I reached out. My hand trembled, but I didn't pull back. I placed my palm gently against the jagged scar on his neck.
He stopped breathing. His skin was scalding hot under my cold fingers. His pulse hammered against my palm—rabbit-fast, terrified.
"You are not your father," I said firmly.
He flinched at the touch, his eyes squeezing shut. "You don't know that."
"I do," I insisted. "Your father didn't have restraint. You do. You have so much restraint it's hurting you."
I ran my thumb along the ridge of the scar tissue. It was rough, raised skin. It wasn't ugly. It was just history.
"In the library," I whispered. "You stopped. You could have taken everything. But you stopped. You made sure I was safe. You held me together."
He leaned into my hand. Just an inch. An involuntary movement toward the comfort.
"That was barely," he rasped. "I was on the edge."
"But you didn't fall," I said. "And I'm not your mother, Dante. I'm not a victim. I walked into that library.
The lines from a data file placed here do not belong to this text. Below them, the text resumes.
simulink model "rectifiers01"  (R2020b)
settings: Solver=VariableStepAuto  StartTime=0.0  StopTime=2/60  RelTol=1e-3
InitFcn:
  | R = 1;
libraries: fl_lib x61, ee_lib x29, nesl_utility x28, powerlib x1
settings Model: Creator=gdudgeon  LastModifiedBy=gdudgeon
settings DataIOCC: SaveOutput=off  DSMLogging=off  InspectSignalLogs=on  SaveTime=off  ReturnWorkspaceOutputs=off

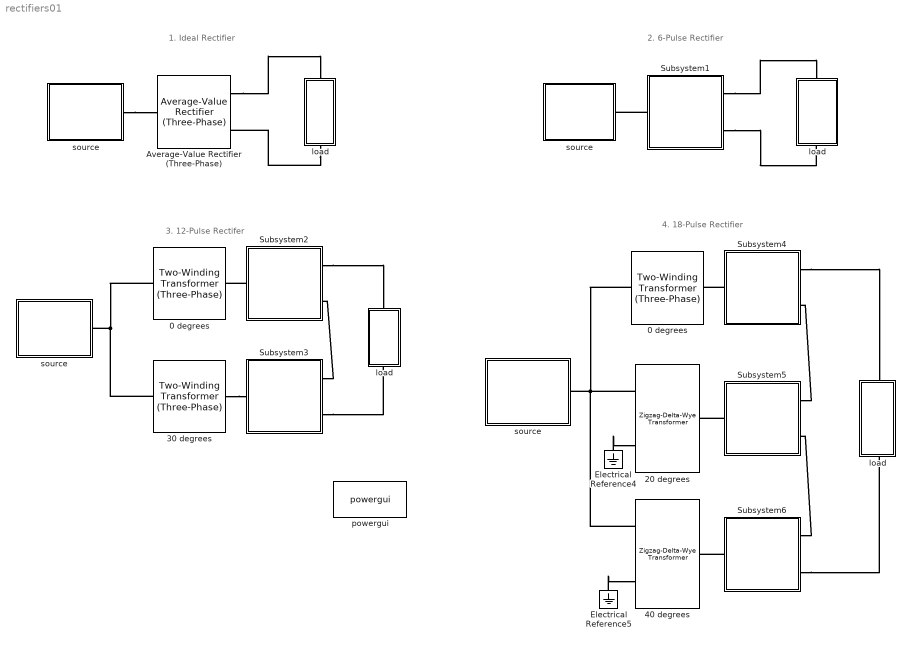
== system rectifiers01 ==
  note: 4. 18-Pulse Rectifier
  note: 3. 12-Pulse Rectifer
  note: 2. 6-Pulse Rectifier
  note: 1. Ideal Rectifier
  " load" : Subsystem
      settings: PortSchema="{\"entries\":[{\"content\":{\"sides\":[{\"content\":{\"connectorIds\":[]},\"type\":\"ConnectorPlacement.EquallySpacedRectSide\",\"uuid\":\"d22d21fe-0203-4dc0-90b3-23bdd03d5351\"},{\"content\":{\"connectorIds\":[],\"side\":\"RIGHT\"},\"type\":\"ConnectorPlacement.EquallySpacedRectSide\",\"uuid\":\"b0134291-2b85-4d9d-ab7a-f2a22f0cc825\"},{\"content\":{\"connectorIds\":[\"LConn1\"],\"side\":\"TOP\"},\"type\":\"ConnectorPlacement.EquallySpacedRectSide\",\"uuid\":\"0f25709f-cbaa-4d6a-91aa-03a240b6065b\"},{\"content\":{\"connectorIds\":[\"RConn1\"],\"side\":\"BOTTOM\"},\"type\":\"ConnectorPlacement.EquallySpacedRectSide\",\"uuid\":\"1cb50f91-b6f6-42a0-b153-9b586f859798\"},{\"content\":{\"connectorIds\":[],\"side\":\"HIDDEN\"},\"type\":\"ConnectorPlacement.EquallySpacedRectSide\",\"uuid\":\"613bd7c7-2abb-4a7f-9569-314c864fd2f9\"}]},\"type\":\"ConnectorPlacement.EquallySpacedConnector\",\"uuid\":\"0347b9d2-0f82-406a-989b-2d0201140953\"}],\"packageUris\":[\"http://schema.mathworks.com/mf0/Connector/R2020b\"],\"version\":\"1.0\"}"
  " source" : Subsystem
  0 degrees : ee_lib/Passive/Transformers/Two-Winding Transformer (Three-Phase)  SRated=100e3 V*A  FRated=60 Hz  Winding1Connection=ee.enum.windingconnection.Y  VRated1=sqrt(3) * 100 / sqrt(2) V  Winding2Connection=ee.enum.windingconnection.Y  VRated2=sqrt(3) * 50 / sqrt(2) V  CoreType=ee.enum.coretype.threelimb  pu_Rw1=0.01e-3  pu_Xl1=0.001e-3  pu_Rw2=0.01e-3  pu_Xl2=0.001e-3  pu_Rm=50000  saturation_option=ee.enum.transformer_saturation.exclude  pu_Xm=50000  current_data=[0, .002, 1, 2]  magnetic_flux_data=[0, 1.2, 1.5, 1.51]  pu_X0=0.5  i1_specify=off  i1_priority=None  i1=[ 0 0 0 ] A  i1_nominal_specify=off  i1_nominal_unit=A  i1_nominal_value=1  i2_specify=off  i2_priority=None  i2=[ 0 0 0 ] A  i2_nominal_specify=off  i2_nominal_unit=A  i2_nominal_value=1  phi_specify=off  phi_priority=None  phi=[ 0 0 0 ]  phi_nominal_specify=off  phi_nominal_unit=1  phi_nominal_value=1  power_dissipated_specify=off  power_dissipated_priority=None  power_dissipated=0 W  power_dissipated_nominal_specify=off  power_dissipated_nominal_unit=W  power_dissipated_nominal_value=1
      settings: SourceProductBaseCode=PS  InternalSimscapePortConfiguration="{\"Bottom\":[],\"Left\":[{\"id\":\"N1\",\"label\":\"~1\",\"type\":\"foundation.electrical.three_phase\"}],\"Right\":[{\"id\":\"N2\",\"label\":\"~2\",\"type\":\"foundation.electrical.three_phase\"}],\"Top\":[]}"
  "0 degrees " : ee_lib/Passive/Transformers/Two-Winding Transformer (Three-Phase)  SRated=100e3 V*A  FRated=60 Hz  Winding1Connection=ee.enum.windingconnection.Y  VRated1=sqrt(3) * 100 / sqrt(2) V  Winding2Connection=ee.enum.windingconnection.Y  VRated2=sqrt(3) * 33.3 / sqrt(2) V  CoreType=ee.enum.coretype.threelimb  pu_Rw1=0.01e-3  pu_Xl1=0.001e-3  pu_Rw2=0.01e-3  pu_Xl2=0.001e-3  pu_Rm=50000  saturation_option=ee.enum.transformer_saturation.exclude  pu_Xm=50000  current_data=[0, .002, 1, 2]  magnetic_flux_data=[0, 1.2, 1.5, 1.51]  pu_X0=0.5  i1_specify=off  i1_priority=None  i1=[ 0 0 0 ] A  i1_nominal_specify=off  i1_nominal_unit=A  i1_nominal_value=1  i2_specify=off  i2_priority=None  i2=[ 0 0 0 ] A  i2_nominal_specify=off  i2_nominal_unit=A  i2_nominal_value=1  phi_specify=off  phi_priority=None  phi=[ 0 0 0 ]  phi_nominal_specify=off  phi_nominal_unit=1  phi_nominal_value=1  power_dissipated_specify=off  power_dissipated_priority=None  power_dissipated=0 W  power_dissipated_nominal_specify=off  power_dissipated_nominal_unit=W  power_dissipated_nominal_value=1
      settings: SourceProductBaseCode=PS  InternalSimscapePortConfiguration="{\"Bottom\":[],\"Left\":[{\"id\":\"N1\",\"label\":\"~1\",\"type\":\"foundation.electrical.three_phase\"}],\"Right\":[{\"id\":\"N2\",\"label\":\"~2\",\"type\":\"foundation.electrical.three_phase\"}],\"Top\":[]}"
  20 degrees : ee_lib/Passive/Transformers/Zigzag-Delta-Wye Transformer  SRated=100e3 V*A  FRated=60 Hz  VRated1=sqrt(3) * 33.3 / sqrt(2) V  interconnection_option=ee.enum.zigzaginterconnection.floatingNeutral  configuration_option=ee.enum.zigzagconfiguration.Wye  pu_Rw1=0.01e-3  pu_Xl1=0.001e-3  pu_Rm=50000  saturation_option=ee.enum.transformer_saturation.exclude  deltaconnection_option=ee.enum.deltaconnection.delta1  VRated2=sqrt(3) * 50 / sqrt(2) V  magnetic_flux_data=[0, 1.2, 1.5, 1.51]  pu_Rw2=0.01  pu_Xl2=0.001  VRated3=sqrt(3) * 100 / sqrt(2) V  pu_Rw3=0.01e-3  pu_Xl3=0.001e-3  pu_Xm=50000  current_data=[0, .002, 1, 2]  phaseShift=20 deg  i1_specify=off  i1_priority=None  i1=[ 0 0 0 ] A  i1_nominal_specify=off  i1_nominal_unit=A  i1_nominal_value=1  i2_specify=off  i2_priority=None  i2=[ 0 0 0 ] A  i2_nominal_specify=off  i2_nominal_unit=A  i2_nominal_value=1  i3_specify=off  i3_priority=None  i3=[ 0 0 0 ] A  i3_nominal_specify=off  i3_nominal_unit=A  i3_nominal_value=1  phi_specify=off  phi_priority=None  phi=[ 0 0 0 ]  phi_nominal_specify=off  phi_nominal_unit=1  phi_nominal_value=1  phaseShift_increment=0.1 deg
      settings: SourceProductBaseCode=PS  InternalSimscapePortConfiguration="{\"Bottom\":[],\"Left\":[{\"id\":\"N1\",\"label\":\"~1\",\"type\":\"foundation.electrical.three_phase\"}],\"Right\":[{\"id\":\"N3\",\"label\":\"~3\",\"type\":\"foundation.electrical.three_phase\"},{\"id\":\"n3\",\"label\":\"n3\",\"type\":\"foundation.electrical.electrical\"}],\"Top\":[]}"
  30 degrees : ee_lib/Passive/Transformers/Two-Winding Transformer (Three-Phase)  SRated=100e3 V*A  FRated=60 Hz  Winding1Connection=ee.enum.windingconnection.delta1  VRated1=sqrt(3) * 100 / sqrt(2) V  Winding2Connection=ee.enum.windingconnection.Y  VRated2=sqrt(3) * 50 / sqrt(2) V  CoreType=ee.enum.coretype.threelimb  pu_Rw1=0.01e-3  pu_Xl1=0.001e-3  pu_Rw2=0.01e-3  pu_Xl2=0.001e-3  pu_Rm=50000  saturation_option=ee.enum.transformer_saturation.exclude  pu_Xm=50000  current_data=[0, .002, 1, 2]  magnetic_flux_data=[0, 1.2, 1.5, 1.51]  pu_X0=0.5  i1_specify=off  i1_priority=None  i1=[ 0 0 0 ] A  i1_nominal_specify=off  i1_nominal_unit=A  i1_nominal_value=1  i2_specify=off  i2_priority=None  i2=[ 0 0 0 ] A  i2_nominal_specify=off  i2_nominal_unit=A  i2_nominal_value=1  phi_specify=off  phi_priority=None  phi=[ 0 0 0 ]  phi_nominal_specify=off  phi_nominal_unit=1  phi_nominal_value=1  power_dissipated_specify=off  power_dissipated_priority=None  power_dissipated=0 W  power_dissipated_nominal_specify=off  power_dissipated_nominal_unit=W  power_dissipated_nominal_value=1
      settings: SourceProductBaseCode=PS  InternalSimscapePortConfiguration="{\"Bottom\":[],\"Left\":[{\"id\":\"N1\",\"label\":\"~1\",\"type\":\"foundation.electrical.three_phase\"}],\"Right\":[{\"id\":\"N2\",\"label\":\"~2\",\"type\":\"foundation.electrical.three_phase\"}],\"Top\":[]}"
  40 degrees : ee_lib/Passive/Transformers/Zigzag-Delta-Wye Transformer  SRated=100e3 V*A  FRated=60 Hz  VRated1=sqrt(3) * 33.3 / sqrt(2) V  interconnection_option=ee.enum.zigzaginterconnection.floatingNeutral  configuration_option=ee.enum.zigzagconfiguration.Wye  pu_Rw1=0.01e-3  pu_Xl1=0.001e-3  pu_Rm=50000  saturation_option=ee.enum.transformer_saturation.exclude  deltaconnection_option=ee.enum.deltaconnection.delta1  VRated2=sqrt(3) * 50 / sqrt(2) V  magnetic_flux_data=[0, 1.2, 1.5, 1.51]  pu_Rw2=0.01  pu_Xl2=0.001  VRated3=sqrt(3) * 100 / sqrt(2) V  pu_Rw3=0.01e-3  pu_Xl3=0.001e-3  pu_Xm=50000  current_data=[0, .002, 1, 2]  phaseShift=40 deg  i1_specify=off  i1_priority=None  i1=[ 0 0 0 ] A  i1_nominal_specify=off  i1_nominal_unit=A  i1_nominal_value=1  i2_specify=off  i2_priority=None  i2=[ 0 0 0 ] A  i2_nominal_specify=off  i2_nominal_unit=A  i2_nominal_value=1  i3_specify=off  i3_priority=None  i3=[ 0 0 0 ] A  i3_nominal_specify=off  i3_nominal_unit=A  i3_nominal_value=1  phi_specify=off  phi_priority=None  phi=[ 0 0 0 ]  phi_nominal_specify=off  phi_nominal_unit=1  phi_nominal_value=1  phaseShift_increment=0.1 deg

I asked for it."
"You don't know the risks."
"Then teach me," I said. "Don't decide for me. Don't treat me like glass. If I break, that's my choice. But don't tell me I'm already broken."
He opened his eyes. The amber was swirling, deep and soulful. He looked at me with a mixture of awe and terror.
"You are the most stubborn creature I have ever met," he murmured.
"I'm studying the best," I countered with a weak smile.
He reached up, his hand wrapping around my wrist. He didn't pull my hand away. He just held it there, against his neck. Grounding himself.
"I can't promise I won't hurt you," he said.
"I'm not asking for promises," I whispered. "I'm asking for a chance."
He stared at me for a long, agonizing moment. Then, slowly, he turned his face into my palm and pressed a kiss to the center of my hand.
It wasn't sexual. It was reverent. It was an apology and a vow all wrapped in one.
"You should go," he said, pulling back, his voice hoarse. "Before I forget why I'm supposed to be noble."
"Will you come off the ice?" I asked. "You're going to freeze."
"In a minute," he said. "I need... I need a minute to cool down."
I nodded. I stood up, my knees aching from the hard ice. I hesitated, looking down at him. He looked like a fallen king, beautiful and tragic in the harsh light.
"Goodnight, Dante," I whispered.
"Goodnight, Arabella," he replied to the empty air.
I walked away, my footsteps echoing in the silence. I didn't look back. I didn't need to. I could feel him.
And I knew, with absolute certainty, that no matter what my father said, or what Dante believed... we were past the point of return. The secret was out. The layers were peeled back.
I wasn't just studying the wolf anymore. I was falling in love with him.
And that was infinitely more dangerous than any bite.